Task brief: Below are some records; quote exactly the lines from the one that contains "c_ch2_norm : Subsystem" through the one that contains "NOT/1 -> PX4 PWM Output3/1", inclusive, and no others.

The data:
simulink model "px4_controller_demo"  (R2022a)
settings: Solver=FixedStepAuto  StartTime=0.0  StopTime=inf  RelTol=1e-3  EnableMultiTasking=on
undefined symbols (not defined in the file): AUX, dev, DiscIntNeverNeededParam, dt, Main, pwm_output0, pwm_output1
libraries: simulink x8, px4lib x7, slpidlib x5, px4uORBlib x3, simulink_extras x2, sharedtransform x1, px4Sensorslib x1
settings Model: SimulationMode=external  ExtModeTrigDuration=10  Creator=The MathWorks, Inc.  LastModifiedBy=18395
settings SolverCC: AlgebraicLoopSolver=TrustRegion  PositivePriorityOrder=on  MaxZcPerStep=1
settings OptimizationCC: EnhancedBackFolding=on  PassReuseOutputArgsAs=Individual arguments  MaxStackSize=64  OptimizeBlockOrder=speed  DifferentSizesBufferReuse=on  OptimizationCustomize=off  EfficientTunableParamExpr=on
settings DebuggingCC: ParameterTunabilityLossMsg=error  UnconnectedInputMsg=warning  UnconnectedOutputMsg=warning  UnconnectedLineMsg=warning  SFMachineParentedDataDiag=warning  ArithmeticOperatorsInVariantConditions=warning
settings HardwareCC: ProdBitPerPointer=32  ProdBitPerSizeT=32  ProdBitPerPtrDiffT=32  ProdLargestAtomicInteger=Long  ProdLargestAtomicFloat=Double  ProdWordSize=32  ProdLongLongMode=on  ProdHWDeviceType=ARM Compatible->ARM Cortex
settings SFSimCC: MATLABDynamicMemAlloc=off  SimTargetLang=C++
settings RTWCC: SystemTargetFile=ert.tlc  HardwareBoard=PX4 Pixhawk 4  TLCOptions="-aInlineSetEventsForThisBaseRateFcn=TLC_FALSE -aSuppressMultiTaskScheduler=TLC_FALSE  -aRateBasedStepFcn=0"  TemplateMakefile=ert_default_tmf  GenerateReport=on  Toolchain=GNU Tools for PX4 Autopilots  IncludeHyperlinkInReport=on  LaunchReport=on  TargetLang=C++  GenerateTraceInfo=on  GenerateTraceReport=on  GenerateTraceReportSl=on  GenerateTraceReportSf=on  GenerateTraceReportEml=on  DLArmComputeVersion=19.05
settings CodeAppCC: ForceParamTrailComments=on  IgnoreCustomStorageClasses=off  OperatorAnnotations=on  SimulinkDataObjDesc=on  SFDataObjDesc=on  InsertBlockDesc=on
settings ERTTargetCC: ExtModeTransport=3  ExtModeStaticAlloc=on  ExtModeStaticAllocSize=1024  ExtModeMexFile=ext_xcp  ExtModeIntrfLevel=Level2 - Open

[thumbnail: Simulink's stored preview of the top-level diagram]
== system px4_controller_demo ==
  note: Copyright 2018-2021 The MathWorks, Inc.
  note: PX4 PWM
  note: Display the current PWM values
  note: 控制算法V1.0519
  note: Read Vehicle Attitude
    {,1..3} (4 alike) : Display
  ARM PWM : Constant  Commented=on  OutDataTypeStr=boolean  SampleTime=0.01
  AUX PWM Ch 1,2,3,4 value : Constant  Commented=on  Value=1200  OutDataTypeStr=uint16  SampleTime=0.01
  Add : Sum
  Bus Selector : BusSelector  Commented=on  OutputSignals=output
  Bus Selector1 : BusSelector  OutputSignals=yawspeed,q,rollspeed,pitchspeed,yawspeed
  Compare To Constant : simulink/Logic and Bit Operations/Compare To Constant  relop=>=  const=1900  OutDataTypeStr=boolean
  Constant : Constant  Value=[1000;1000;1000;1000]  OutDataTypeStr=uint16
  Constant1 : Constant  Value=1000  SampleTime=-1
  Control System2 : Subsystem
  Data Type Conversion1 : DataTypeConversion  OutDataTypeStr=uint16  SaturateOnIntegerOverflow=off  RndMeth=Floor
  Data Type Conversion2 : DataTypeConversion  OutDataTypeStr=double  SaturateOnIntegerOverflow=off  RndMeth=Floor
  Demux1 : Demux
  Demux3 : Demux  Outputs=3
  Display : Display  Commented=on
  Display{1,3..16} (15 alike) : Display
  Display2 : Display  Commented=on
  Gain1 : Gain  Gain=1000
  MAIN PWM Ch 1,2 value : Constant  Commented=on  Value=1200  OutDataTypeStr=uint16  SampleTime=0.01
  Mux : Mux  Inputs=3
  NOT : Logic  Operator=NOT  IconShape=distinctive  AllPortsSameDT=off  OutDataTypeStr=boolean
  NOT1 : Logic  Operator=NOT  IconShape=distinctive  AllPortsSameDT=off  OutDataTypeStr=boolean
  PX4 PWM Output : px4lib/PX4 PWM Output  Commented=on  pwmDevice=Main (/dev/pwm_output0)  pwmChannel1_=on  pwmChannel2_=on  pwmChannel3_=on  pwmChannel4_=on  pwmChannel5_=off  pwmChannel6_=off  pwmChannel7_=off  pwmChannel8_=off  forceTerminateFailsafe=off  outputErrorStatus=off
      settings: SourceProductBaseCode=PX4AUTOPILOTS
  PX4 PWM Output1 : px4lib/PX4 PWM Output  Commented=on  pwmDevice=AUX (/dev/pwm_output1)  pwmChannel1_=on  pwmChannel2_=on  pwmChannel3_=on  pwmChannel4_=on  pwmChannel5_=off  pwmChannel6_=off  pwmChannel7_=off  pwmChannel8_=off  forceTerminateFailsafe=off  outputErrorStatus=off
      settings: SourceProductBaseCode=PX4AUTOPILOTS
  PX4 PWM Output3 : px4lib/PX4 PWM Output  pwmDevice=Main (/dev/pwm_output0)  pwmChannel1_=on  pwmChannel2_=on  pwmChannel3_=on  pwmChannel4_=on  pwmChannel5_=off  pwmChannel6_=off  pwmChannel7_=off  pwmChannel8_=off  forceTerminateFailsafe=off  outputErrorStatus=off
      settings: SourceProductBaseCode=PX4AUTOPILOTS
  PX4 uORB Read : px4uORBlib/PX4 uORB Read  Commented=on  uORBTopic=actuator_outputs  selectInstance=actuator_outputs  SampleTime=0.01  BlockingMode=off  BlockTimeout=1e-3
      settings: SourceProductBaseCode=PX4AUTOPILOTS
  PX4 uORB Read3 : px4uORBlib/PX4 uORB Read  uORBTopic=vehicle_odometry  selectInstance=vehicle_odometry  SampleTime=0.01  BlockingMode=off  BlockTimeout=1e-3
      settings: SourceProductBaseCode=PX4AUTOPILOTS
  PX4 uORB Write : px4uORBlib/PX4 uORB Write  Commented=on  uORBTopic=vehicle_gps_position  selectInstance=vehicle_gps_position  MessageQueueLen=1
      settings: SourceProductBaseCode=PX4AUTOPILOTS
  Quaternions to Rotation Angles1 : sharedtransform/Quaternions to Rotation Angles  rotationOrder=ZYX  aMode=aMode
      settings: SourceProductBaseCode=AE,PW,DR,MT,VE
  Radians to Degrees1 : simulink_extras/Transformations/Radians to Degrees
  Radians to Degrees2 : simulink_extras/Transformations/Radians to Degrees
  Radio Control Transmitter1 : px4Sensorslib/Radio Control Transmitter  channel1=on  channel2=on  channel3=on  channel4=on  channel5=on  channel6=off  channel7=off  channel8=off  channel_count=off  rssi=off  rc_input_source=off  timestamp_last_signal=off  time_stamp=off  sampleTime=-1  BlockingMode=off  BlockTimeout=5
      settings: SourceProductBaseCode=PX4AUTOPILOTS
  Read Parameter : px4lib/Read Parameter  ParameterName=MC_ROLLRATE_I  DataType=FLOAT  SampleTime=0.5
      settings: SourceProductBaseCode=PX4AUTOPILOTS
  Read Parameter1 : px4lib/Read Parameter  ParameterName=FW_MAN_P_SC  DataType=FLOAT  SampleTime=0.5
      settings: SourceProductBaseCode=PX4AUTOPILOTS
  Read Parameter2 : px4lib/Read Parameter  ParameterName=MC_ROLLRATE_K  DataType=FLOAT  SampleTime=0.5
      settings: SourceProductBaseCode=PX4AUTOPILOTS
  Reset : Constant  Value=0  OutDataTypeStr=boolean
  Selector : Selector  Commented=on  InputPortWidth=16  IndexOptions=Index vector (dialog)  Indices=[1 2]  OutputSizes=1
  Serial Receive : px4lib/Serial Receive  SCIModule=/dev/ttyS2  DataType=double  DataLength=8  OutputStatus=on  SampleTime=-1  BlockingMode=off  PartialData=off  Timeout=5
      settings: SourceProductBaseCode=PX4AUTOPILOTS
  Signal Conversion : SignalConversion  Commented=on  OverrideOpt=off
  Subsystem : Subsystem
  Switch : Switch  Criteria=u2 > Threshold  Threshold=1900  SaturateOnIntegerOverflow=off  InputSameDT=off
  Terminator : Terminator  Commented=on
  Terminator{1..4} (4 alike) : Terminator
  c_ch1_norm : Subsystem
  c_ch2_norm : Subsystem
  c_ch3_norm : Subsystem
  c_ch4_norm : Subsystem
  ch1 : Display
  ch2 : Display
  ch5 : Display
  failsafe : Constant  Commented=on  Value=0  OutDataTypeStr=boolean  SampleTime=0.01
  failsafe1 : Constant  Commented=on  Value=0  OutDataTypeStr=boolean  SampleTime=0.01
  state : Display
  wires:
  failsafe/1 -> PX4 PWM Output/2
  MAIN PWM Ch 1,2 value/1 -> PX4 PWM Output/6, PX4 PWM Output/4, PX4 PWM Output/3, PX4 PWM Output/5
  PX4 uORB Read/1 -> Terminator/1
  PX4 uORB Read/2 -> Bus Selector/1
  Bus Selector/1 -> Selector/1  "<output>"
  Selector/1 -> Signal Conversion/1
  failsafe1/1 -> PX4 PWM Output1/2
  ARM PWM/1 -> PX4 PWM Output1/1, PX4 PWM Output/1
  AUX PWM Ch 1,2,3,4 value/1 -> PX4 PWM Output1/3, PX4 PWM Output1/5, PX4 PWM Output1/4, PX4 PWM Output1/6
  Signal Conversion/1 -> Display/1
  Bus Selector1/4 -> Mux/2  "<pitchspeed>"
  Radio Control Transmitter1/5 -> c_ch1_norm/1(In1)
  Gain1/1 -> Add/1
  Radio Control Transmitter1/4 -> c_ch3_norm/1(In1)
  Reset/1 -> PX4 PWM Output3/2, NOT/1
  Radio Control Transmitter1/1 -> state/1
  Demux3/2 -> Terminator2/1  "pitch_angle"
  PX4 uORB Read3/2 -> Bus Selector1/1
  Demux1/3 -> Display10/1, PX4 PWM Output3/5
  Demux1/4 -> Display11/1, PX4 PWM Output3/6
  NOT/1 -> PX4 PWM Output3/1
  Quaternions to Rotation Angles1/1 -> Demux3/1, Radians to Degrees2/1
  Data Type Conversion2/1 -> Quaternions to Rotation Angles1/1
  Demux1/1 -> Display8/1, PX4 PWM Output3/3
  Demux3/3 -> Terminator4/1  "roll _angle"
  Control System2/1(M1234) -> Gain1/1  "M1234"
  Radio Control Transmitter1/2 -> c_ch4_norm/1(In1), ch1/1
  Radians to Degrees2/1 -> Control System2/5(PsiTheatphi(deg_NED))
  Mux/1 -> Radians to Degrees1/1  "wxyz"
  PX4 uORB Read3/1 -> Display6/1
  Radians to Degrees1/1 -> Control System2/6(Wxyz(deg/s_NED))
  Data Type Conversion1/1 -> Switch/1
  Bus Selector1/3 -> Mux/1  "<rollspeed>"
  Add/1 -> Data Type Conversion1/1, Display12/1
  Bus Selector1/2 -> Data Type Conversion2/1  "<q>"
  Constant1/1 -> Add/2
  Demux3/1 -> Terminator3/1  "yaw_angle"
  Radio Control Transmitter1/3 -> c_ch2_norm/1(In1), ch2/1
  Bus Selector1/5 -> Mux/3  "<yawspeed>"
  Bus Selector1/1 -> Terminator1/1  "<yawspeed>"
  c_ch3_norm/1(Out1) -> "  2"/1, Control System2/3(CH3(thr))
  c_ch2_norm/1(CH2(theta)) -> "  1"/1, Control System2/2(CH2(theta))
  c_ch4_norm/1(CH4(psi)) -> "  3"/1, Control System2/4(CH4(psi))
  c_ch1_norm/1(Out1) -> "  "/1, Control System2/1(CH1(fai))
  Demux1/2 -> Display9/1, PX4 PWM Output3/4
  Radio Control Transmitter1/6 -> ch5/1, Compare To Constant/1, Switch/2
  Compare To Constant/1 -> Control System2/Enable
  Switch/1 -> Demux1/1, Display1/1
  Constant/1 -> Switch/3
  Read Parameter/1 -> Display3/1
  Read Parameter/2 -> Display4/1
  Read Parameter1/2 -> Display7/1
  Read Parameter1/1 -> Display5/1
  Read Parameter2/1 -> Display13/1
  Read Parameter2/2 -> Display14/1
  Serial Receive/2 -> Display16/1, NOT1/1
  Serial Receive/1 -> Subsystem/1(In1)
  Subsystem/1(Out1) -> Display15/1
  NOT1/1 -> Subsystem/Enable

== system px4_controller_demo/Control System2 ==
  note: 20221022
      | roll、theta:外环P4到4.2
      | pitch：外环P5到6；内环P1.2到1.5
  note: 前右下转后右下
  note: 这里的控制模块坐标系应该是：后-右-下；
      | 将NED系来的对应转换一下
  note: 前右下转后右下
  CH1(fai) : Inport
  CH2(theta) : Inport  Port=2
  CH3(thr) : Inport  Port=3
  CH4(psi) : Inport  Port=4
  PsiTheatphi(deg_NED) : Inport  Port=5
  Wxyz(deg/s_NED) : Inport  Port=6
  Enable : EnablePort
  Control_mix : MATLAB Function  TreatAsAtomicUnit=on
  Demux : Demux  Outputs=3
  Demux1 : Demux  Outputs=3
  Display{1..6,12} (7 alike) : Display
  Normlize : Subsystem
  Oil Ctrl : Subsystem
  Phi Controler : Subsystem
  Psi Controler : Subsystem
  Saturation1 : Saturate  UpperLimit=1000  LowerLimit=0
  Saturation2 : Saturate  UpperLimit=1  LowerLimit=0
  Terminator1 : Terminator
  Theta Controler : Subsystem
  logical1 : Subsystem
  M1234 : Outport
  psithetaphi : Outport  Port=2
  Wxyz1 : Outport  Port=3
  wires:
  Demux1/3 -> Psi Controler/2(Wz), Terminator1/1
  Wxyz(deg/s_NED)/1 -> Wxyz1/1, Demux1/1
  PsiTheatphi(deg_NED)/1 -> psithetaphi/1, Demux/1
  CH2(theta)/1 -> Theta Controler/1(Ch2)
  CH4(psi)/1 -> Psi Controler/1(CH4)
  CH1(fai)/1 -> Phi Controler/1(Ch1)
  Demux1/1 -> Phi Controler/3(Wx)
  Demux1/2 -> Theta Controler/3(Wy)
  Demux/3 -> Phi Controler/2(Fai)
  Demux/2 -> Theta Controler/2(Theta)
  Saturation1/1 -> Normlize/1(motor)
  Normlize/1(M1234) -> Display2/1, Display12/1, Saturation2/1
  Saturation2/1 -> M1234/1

Answer to this task:
  c_ch2_norm : Subsystem
  c_ch3_norm : Subsystem
  c_ch4_norm : Subsystem
  ch1 : Display
  ch2 : Display
  ch5 : Display
  failsafe : Constant  Commented=on  Value=0  OutDataTypeStr=boolean  SampleTime=0.01
  failsafe1 : Constant  Commented=on  Value=0  OutDataTypeStr=boolean  SampleTime=0.01
  state : Display
  wires:
  failsafe/1 -> PX4 PWM Output/2
  MAIN PWM Ch 1,2 value/1 -> PX4 PWM Output/6, PX4 PWM Output/4, PX4 PWM Output/3, PX4 PWM Output/5
  PX4 uORB Read/1 -> Terminator/1
  PX4 uORB Read/2 -> Bus Selector/1
  Bus Selector/1 -> Selector/1  "<output>"
  Selector/1 -> Signal Conversion/1
  failsafe1/1 -> PX4 PWM Output1/2
  ARM PWM/1 -> PX4 PWM Output1/1, PX4 PWM Output/1
  AUX PWM Ch 1,2,3,4 value/1 -> PX4 PWM Output1/3, PX4 PWM Output1/5, PX4 PWM Output1/4, PX4 PWM Output1/6
  Signal Conversion/1 -> Display/1
  Bus Selector1/4 -> Mux/2  "<pitchspeed>"
  Radio Control Transmitter1/5 -> c_ch1_norm/1(In1)
  Gain1/1 -> Add/1
  Radio Control Transmitter1/4 -> c_ch3_norm/1(In1)
  Reset/1 -> PX4 PWM Output3/2, NOT/1
  Radio Control Transmitter1/1 -> state/1
  Demux3/2 -> Terminator2/1  "pitch_angle"
  PX4 uORB Read3/2 -> Bus Selector1/1
  Demux1/3 -> Display10/1, PX4 PWM Output3/5
  Demux1/4 -> Display11/1, PX4 PWM Output3/6
  NOT/1 -> PX4 PWM Output3/1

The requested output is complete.